─── AVAILABLE DATA

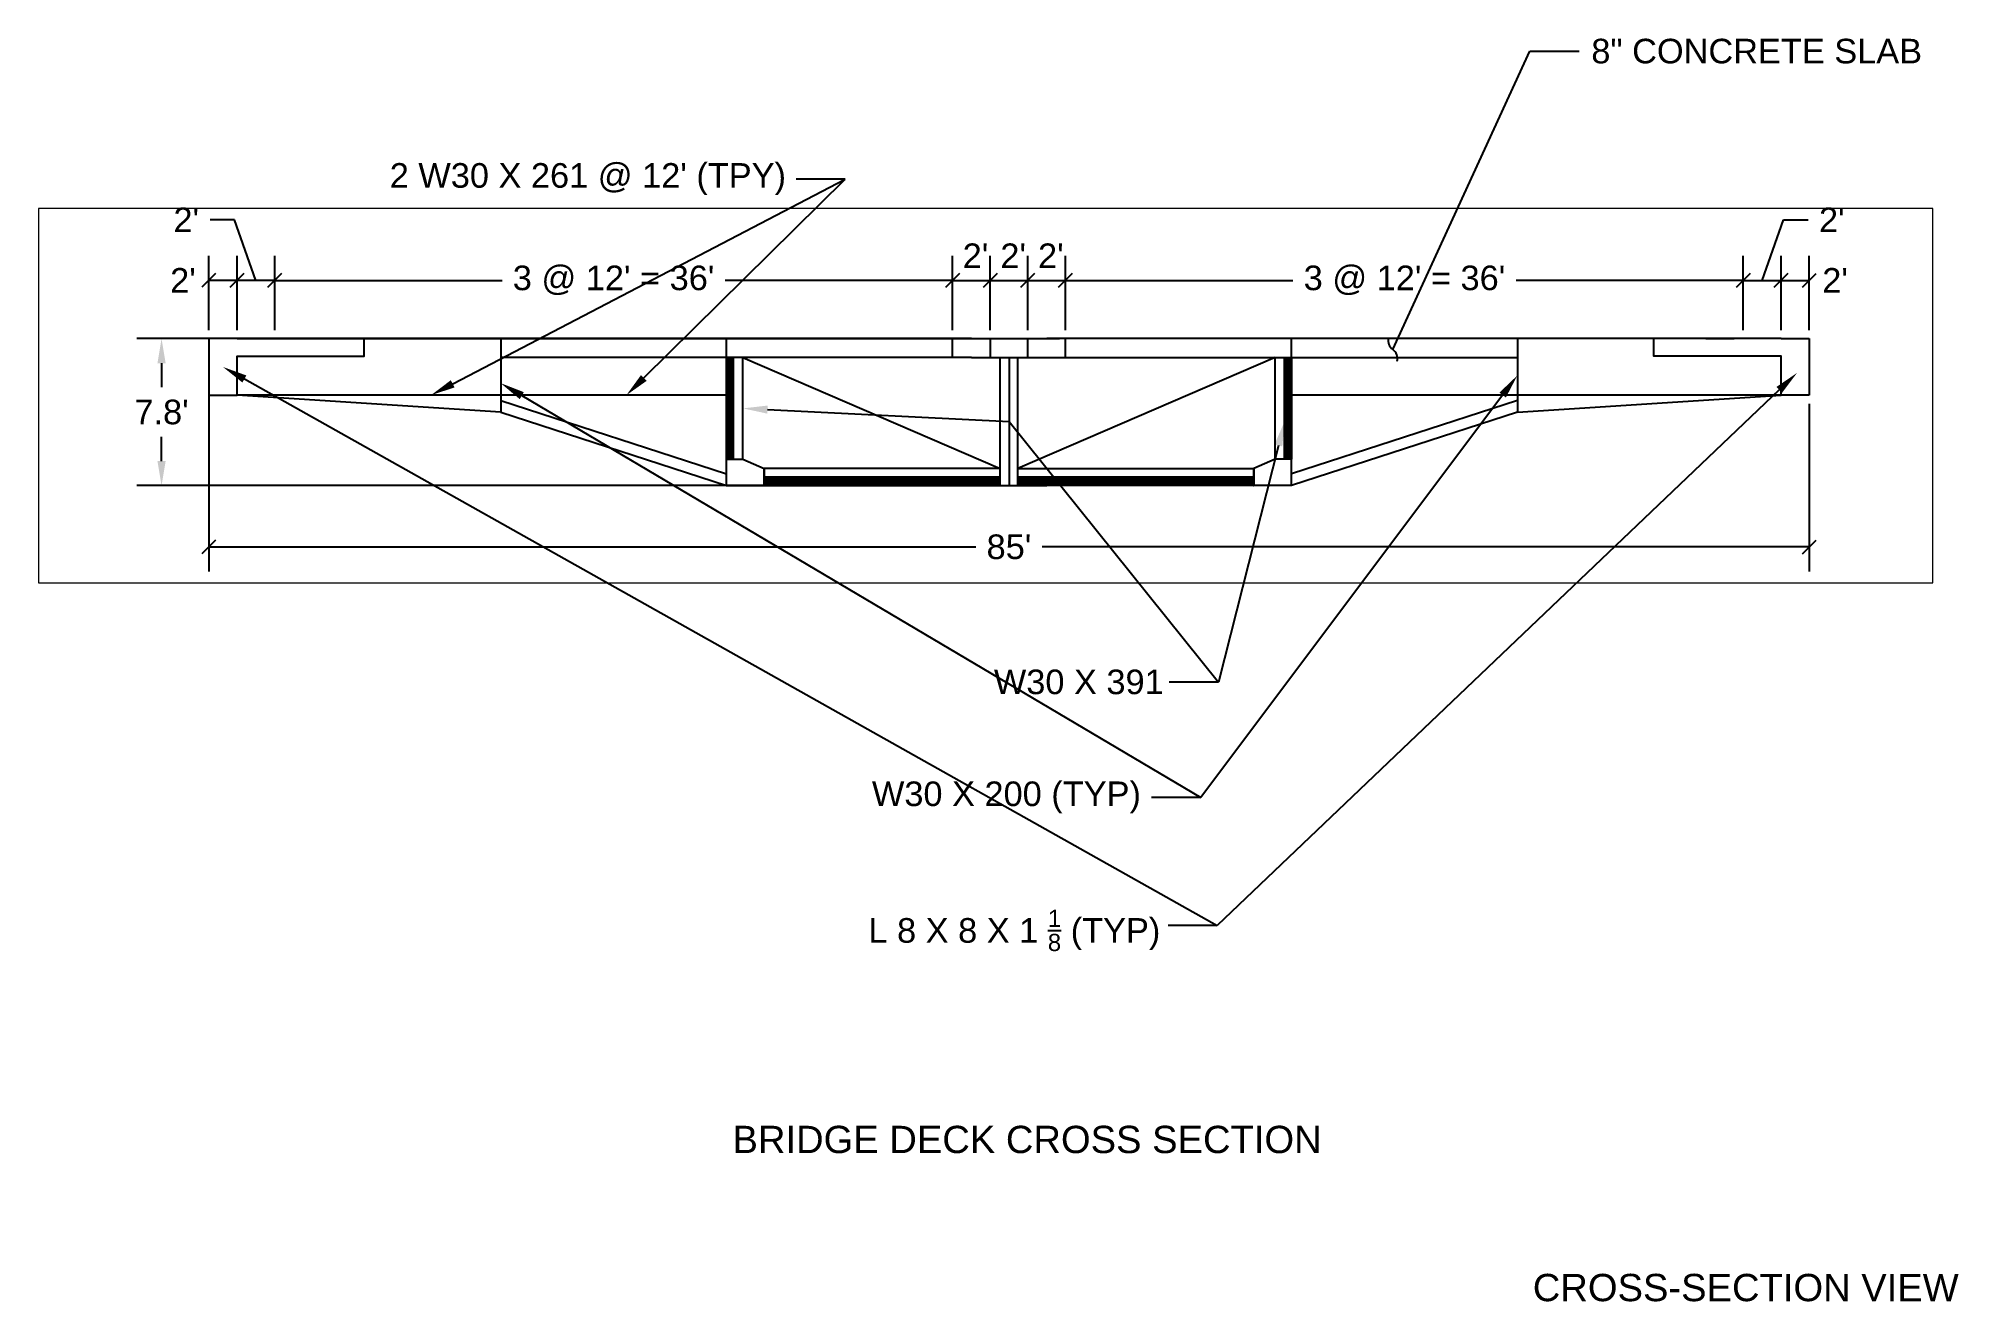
# Paper-space layout 'Cross Section Dwg' of a CAD drawing. Header units: feet. Extents: x 1 to 15.1, y 0.4 to 9.6.
# The model-space entities are those that its viewports show. They can reach past a viewport. Long polylines and large blocks are cut down to what shows.
import ezdxf
from ezdxf import colors
from ezdxf.entities.mleader import LeaderData, LeaderLine
from ezdxf.math import Vec2, Vec3

# ---------------------------------------------------------------- set-up
doc = ezdxf.new("R2010")
doc.units = ezdxf.units.FT
doc.header["$MEASUREMENT"] = 0
doc.styles.get("Standard").update_dxf_attribs({"font": 'arial.ttf'})
doc.dimstyles.get("Standard").update_dxf_attribs({"dimtxt": 0.18, "dimasz": 0.18, "dimexe": 0.18, "dimexo": 0.0625, "dimgap": 0.09, "dimtad": 0, "dimtih": 1, "dimtoh": 1, "dimdec": 4, "dimzin": 0, "dimdsep": 46, "dimtxsty": 'Standard', "dimcen": 0.09, "dimadec": 0, "dimazin": 0, "dimtfac": 1, "dimtdec": 4, "dimtofl": 0, "dimtmove": 0, "dimatfit": 3, "dimfxl": 1, "dimtolj": 1, "dimtzin": 0, "dimarcsym": 0})
pattern_1 = [(45, (0, 0), (-0.088388347648, 0.088388347648), [])]
pattern_2 = [(45, (48, -1e-10), (-0.088388347648, 0.088388347648), [])]

# ---------------------------------------------------------------- blocks, each defined once
blk = doc.blocks.new('_Oblique')
at = {"color": 0, "linetype": 'ByBlock', "lineweight": -2}
blk.add_line((-0.5, -0.5), (0.5, 0.5), dxfattribs=at)
blk = doc.blocks.new('*D9')
at = {"color": 0, "lineweight": -2, "transparency": 16777216}
for p, q in [((2.298, 7.36), (2.298, 5.718)), ((14.021, 6.947), (14.021, 5.718)), ((2.298, 5.898), (7.917, 5.898)), ((14.021, 5.898), (8.402, 5.898))]:
    blk.add_line(p, q, dxfattribs=at)
at = {"layer": 'Defpoints', "color": 0, "transparency": 16777216}
for p in [(2.298, 7.423), (14.021, 7.009), (14.021, 5.898)]:
    blk.add_point(p, dxfattribs=at)
at = {"color": 0, "lineweight": -2, "transparency": 16777216, "xscale": 0.1, "yscale": 0.1, "zscale": 0.1, "rotation": 180}
blk.add_blockref('_Oblique', (2.298, 5.898), dxfattribs=at)
at = {"color": 0, "lineweight": -2, "transparency": 16777216, "xscale": 0.1, "yscale": 0.1, "zscale": 0.1}
blk.add_blockref('_Oblique', (14.021, 5.898), dxfattribs=at)
at = {"color": 0, "transparency": 16777216, "insert": (8.159, 5.898), "char_height": 0.18, "attachment_point": 5}
blk.add_mtext("\\A1;85'", dxfattribs=at)
blk = doc.blocks.new('*D10')
at = {"color": 0, "lineweight": -2, "transparency": 16777216}
for p, q in [((7.821, 7.423), (1.772, 7.423)), ((1.952, 7.243), (1.952, 7.067)), ((1.952, 6.527), (1.952, 6.703)), ((7.821, 6.347), (1.772, 6.347))]:
    blk.add_line(p, q, dxfattribs=at)
at = {"color": 0, "transparency": 16777216}
for points in [[(1.922, 7.243), (1.982, 7.243), (1.952, 7.423)], [(1.922, 6.527), (1.982, 6.527), (1.952, 6.347)]]:
    blk.add_solid(points, dxfattribs=at)
at = {"layer": 'Defpoints', "color": 0, "transparency": 16777216}
for p in [(7.884, 7.423), (1.952, 6.347), (7.884, 6.347)]:
    blk.add_point(p, dxfattribs=at)
at = {"color": 0, "transparency": 16777216, "insert": (1.952, 6.885), "char_height": 0.18, "attachment_point": 5}
blk.add_mtext("\\A1;7.8'", dxfattribs=at)
blk = doc.blocks.new('_Integral')
at = {"color": 0, "linetype": 'ByBlock', "lineweight": -2}
for centre, start, end in [((0.445, -0.091), 102, 168), ((-0.445, 0.091), 282, 348)]:
    blk.add_arc(centre, 0.454, start, end, dxfattribs=at)
blk = doc.blocks.new('*D12')
at = {"color": 0, "lineweight": -2, "transparency": 16777216}
for p, q in [((2.781, 7.485), (2.781, 8.03)), ((7.746, 7.485), (7.746, 8.03)), ((2.781, 7.85), (4.446, 7.85)), ((7.746, 7.85), (6.081, 7.85))]:
    blk.add_line(p, q, dxfattribs=at)
at = {"layer": 'Defpoints', "color": 0, "transparency": 16777216}
for p in [(7.746, 7.85), (2.781, 7.423), (7.746, 7.423)]:
    blk.add_point(p, dxfattribs=at)
at = {"color": 0, "lineweight": -2, "transparency": 16777216, "xscale": 0.1, "yscale": 0.1, "zscale": 0.1, "rotation": 180}
blk.add_blockref('_Oblique', (2.781, 7.85), dxfattribs=at)
at = {"color": 0, "lineweight": -2, "transparency": 16777216, "xscale": 0.1, "yscale": 0.1, "zscale": 0.1}
blk.add_blockref('_Oblique', (7.746, 7.85), dxfattribs=at)
at = {"color": 0, "transparency": 16777216, "insert": (5.263, 7.85), "char_height": 0.18, "attachment_point": 5}
blk.add_mtext("\\A1;3 @ 12' = 36'", dxfattribs=at)
blk = doc.blocks.new('*D13')
at = {"color": 0, "lineweight": -2, "transparency": 16777216}
for p, q in [((7.746, 7.485), (7.746, 8.03)), ((8.022, 7.485), (8.022, 8.03)), ((7.746, 7.85), (8.022, 7.85))]:
    blk.add_line(p, q, dxfattribs=at)
at = {"layer": 'Defpoints', "color": 0, "transparency": 16777216}
for p in [(8.022, 7.85), (7.746, 7.423), (8.022, 7.423)]:
    blk.add_point(p, dxfattribs=at)
at = {"color": 0, "lineweight": -2, "transparency": 16777216, "xscale": 0.1, "yscale": 0.1, "zscale": 0.1, "rotation": 180}
blk.add_blockref('_Oblique', (7.746, 7.85), dxfattribs=at)
at = {"color": 0, "lineweight": -2, "transparency": 16777216, "xscale": 0.1, "yscale": 0.1, "zscale": 0.1}
blk.add_blockref('_Oblique', (8.022, 7.85), dxfattribs=at)
at = {"color": 0, "transparency": 16777216, "insert": (7.914, 8.03), "char_height": 0.18, "attachment_point": 5}
blk.add_mtext("\\A1;2'", dxfattribs=at)
blk = doc.blocks.new('*D20')
at = {"color": 0, "lineweight": -2, "transparency": 16777216}
for p, q in [((2.781, 7.485), (2.781, 8.03)), ((7.746, 7.485), (7.746, 8.03)), ((2.781, 7.85), (4.446, 7.85)), ((7.746, 7.85), (6.081, 7.85))]:
    blk.add_line(p, q, dxfattribs=at)
at = {"layer": 'Defpoints', "color": 0, "transparency": 16777216}
for p in [(2.781, 7.85), (2.781, 7.423), (7.746, 7.423)]:
    blk.add_point(p, dxfattribs=at)
at = {"color": 0, "lineweight": -2, "transparency": 16777216, "xscale": 0.1, "yscale": 0.1, "zscale": 0.1, "rotation": 180}
blk.add_blockref('_Oblique', (2.781, 7.85), dxfattribs=at)
at = {"color": 0, "lineweight": -2, "transparency": 16777216, "xscale": 0.1, "yscale": 0.1, "zscale": 0.1}
blk.add_blockref('_Oblique', (7.746, 7.85), dxfattribs=at)
at = {"color": 0, "transparency": 16777216, "insert": (5.263, 7.85), "char_height": 0.18, "attachment_point": 5}
blk.add_mtext("\\A1;3 @ 12' = 36'", dxfattribs=at)
blk = doc.blocks.new('*D21')
at = {"color": 0, "lineweight": -2, "transparency": 16777216}
for p, q in [((2.487, 8.293), (2.307, 8.293)), ((2.643, 7.85), (2.487, 8.293)), ((2.505, 7.485), (2.505, 8.03)), ((2.781, 7.485), (2.781, 8.03)), ((2.781, 7.85), (2.505, 7.85))]:
    blk.add_line(p, q, dxfattribs=at)
at = {"layer": 'Defpoints', "color": 0, "transparency": 16777216}
for p in [(2.505, 7.85), (2.505, 7.423), (2.781, 7.423)]:
    blk.add_point(p, dxfattribs=at)
at = {"color": 0, "lineweight": -2, "transparency": 16777216, "xscale": 0.1, "yscale": 0.1, "zscale": 0.1, "rotation": 180}
blk.add_blockref('_Oblique', (2.505, 7.85), dxfattribs=at)
at = {"color": 0, "lineweight": -2, "transparency": 16777216, "xscale": 0.1, "yscale": 0.1, "zscale": 0.1}
blk.add_blockref('_Oblique', (2.781, 7.85), dxfattribs=at)
at = {"color": 0, "transparency": 16777216, "insert": (2.133, 8.293), "char_height": 0.18, "attachment_point": 5}
blk.add_mtext("\\A1;2'", dxfattribs=at)
blk = doc.blocks.new('*D22')
at = {"color": 0, "lineweight": -2, "transparency": 16777216}
for p, q in [((2.298, 7.485), (2.298, 8.03)), ((2.505, 7.485), (2.505, 8.03)), ((2.505, 7.85), (2.298, 7.85))]:
    blk.add_line(p, q, dxfattribs=at)
at = {"layer": 'Defpoints', "color": 0, "transparency": 16777216}
for p in [(2.298, 7.85), (2.298, 7.423), (2.505, 7.423)]:
    blk.add_point(p, dxfattribs=at)
at = {"color": 0, "lineweight": -2, "transparency": 16777216, "xscale": 0.1, "yscale": 0.1, "zscale": 0.1, "rotation": 180}
blk.add_blockref('_Oblique', (2.298, 7.85), dxfattribs=at)
at = {"color": 0, "lineweight": -2, "transparency": 16777216, "xscale": 0.1, "yscale": 0.1, "zscale": 0.1}
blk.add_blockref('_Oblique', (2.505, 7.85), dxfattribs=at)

──────

* **PROMPT**
For the word "import", report how many lines of the records contain it; respond with the number only.

* **COMPLETED TASK**
4